For over three centuries, Amontons’ first law has been one of the most reliable principles in physics. Postulated by French physicist Guillaume Amontons in his 1699 treatise De la résistance causée dans les machines, the law states that the force of friction is directly proportional to the applied load, meaning heavier objects produce more friction, because greater weight increases contact between the tiny deformations in materials. It is an intuitive idea, and one that has served science and engineering remarkably well.
Yet the history of physics is a story of laws that eventually meet their limits. Newton’s laws of motion, for instance, break down at extreme scales, which is precisely where Einstein’s general theory of relativity steps in. It is partly why modern science prefers the word “theory” over “law”, a linguistic shift that acknowledges room for future discovery. The University of Konstanz experiment is the latest example of why that humility is warranted.
An Experiment Without Contact, Yet With Friction
According to the study published in Nature Materials, the researchers built a two-dimensional array of freely rotating magnetic elements and positioned it above a second magnetic layer. The two layers never come into physical contact, and yet a measurable friction between them exists. This friction is purely magnetic in nature, operating without any surface interaction whatsoever.

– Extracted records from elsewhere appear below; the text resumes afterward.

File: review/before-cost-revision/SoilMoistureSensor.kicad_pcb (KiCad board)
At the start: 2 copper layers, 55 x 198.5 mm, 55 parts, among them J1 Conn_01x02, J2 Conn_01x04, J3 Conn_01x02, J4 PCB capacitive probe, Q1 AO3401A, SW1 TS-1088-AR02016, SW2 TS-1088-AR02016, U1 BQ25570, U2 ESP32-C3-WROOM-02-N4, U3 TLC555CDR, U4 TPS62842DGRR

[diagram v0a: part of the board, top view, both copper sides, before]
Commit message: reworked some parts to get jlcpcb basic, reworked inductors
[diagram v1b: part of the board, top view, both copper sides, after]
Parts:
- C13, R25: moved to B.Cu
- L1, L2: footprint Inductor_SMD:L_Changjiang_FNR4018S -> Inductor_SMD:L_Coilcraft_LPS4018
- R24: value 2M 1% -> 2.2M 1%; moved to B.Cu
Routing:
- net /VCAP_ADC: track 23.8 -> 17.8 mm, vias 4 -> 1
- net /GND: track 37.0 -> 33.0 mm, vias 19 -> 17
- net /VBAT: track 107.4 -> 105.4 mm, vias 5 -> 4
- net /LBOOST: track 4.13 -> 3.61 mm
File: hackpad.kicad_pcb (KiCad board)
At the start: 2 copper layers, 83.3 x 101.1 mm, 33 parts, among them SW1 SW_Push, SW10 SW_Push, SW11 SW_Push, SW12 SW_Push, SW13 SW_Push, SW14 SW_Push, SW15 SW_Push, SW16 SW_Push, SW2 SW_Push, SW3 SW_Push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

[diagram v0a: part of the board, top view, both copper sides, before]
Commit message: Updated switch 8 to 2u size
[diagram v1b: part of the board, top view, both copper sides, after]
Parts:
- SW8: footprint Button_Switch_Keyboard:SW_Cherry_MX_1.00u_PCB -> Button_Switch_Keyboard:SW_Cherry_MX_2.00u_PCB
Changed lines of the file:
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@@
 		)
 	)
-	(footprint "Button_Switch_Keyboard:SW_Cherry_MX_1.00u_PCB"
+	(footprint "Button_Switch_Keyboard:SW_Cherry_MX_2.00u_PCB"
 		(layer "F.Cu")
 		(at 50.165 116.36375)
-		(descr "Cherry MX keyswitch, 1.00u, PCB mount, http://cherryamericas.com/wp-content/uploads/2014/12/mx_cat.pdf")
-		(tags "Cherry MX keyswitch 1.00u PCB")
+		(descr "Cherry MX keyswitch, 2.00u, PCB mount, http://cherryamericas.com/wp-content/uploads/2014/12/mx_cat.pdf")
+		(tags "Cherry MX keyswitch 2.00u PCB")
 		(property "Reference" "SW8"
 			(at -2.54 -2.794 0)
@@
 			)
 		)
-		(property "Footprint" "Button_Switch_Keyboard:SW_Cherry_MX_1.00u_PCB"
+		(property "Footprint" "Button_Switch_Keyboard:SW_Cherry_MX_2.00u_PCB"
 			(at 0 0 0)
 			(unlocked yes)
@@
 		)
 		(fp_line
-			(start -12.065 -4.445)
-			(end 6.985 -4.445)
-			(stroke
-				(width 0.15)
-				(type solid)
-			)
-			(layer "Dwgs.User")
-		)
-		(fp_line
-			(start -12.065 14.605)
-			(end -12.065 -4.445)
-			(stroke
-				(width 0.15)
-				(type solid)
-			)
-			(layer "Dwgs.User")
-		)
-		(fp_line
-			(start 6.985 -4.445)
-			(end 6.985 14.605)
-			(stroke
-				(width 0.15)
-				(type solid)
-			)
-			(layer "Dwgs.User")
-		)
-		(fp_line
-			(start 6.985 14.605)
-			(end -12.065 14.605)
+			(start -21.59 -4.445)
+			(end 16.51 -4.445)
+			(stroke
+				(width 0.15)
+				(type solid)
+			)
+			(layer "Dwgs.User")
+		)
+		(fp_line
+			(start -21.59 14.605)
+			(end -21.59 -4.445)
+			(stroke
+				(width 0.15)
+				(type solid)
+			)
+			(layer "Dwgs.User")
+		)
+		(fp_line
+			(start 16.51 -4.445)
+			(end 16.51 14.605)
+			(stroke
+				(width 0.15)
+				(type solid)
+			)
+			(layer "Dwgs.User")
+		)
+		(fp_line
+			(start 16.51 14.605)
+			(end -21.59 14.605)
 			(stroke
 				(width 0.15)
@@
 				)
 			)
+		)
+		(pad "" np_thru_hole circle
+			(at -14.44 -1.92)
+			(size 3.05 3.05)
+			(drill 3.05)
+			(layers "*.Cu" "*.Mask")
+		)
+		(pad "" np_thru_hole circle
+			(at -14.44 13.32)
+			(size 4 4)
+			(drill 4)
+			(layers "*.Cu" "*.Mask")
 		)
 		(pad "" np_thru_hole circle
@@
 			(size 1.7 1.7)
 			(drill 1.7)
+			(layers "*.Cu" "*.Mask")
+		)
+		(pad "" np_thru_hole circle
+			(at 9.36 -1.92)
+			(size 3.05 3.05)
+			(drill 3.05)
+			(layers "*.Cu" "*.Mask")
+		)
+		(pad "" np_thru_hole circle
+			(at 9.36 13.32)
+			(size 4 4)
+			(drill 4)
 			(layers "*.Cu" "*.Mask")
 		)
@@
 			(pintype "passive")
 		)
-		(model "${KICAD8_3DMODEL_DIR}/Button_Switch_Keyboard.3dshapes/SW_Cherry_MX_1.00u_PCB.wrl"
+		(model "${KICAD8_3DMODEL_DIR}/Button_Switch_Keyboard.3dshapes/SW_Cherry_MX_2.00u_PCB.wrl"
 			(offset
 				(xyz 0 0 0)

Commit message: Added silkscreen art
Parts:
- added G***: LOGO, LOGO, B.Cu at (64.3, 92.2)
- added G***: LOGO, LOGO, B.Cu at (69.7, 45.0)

Experimental set-up, total friction and order parameter – © Nature Materials
The team then varied the distance between the two magnetic layers to observe how that friction changed. What they found directly contradicted Amontons: at both close and far distances, friction was at its weakest. At intermediate distances, however, friction increased.
Competing Interactions at the Heart of the Anomaly
The explanation lies in the internal magnetic dynamics that emerge at those intermediate distances. According to the researchers, when the layers are neither too close nor too far, competing interactions take over. In the top magnetic layer, magnetic moments point in parallel but opposite directions, a configuration known as antiparallel alignment, while the bottom layer settles into a same-direction parallel alignment. This unstable configuration forces the materials to constantly switch between parallel and antiparallel states as they slide, and it is that incessant reorganization that generates increased friction.
Magnetic moment configurations and dynamic responses at different h – © Nature Materials
Hongri Gu, of the Hong Kong University of Science and Technology, who co-authored the research while at the University of Konstanz, explained: “By changing the distance between the magnetic layers, we could drive the system into a regime of competing interactions where the rotors constantly reorganize as they slide.”
Friction With No Wear, No Roughness, No Contact
What makes this discovery particularly striking is the mechanism behind it. Clemens Bechinger, supervisor on the project at the University of Konstanz, stated in a press release: “What is remarkable is that friction here arises entirely from internal reorganization. There is no wear, no surface roughness, and no direct contact. Dissipation is generated solely by collective magnetic rearrangements.”
According to Popular Mechanics, the experiment was not designed simply to prove Amontons wrong, his law, the researchers acknowledge, continues to work remarkably well under normal circumstances. The broader aim was to understand magnetic behavior at the macroscale, given that whatever dynamics occur there are likely to occur at the microscopic level as well. That potential opens possibilities for a range of micro- and nanoelectromechanical devices, including magnetic bearings and atomically thin magnets.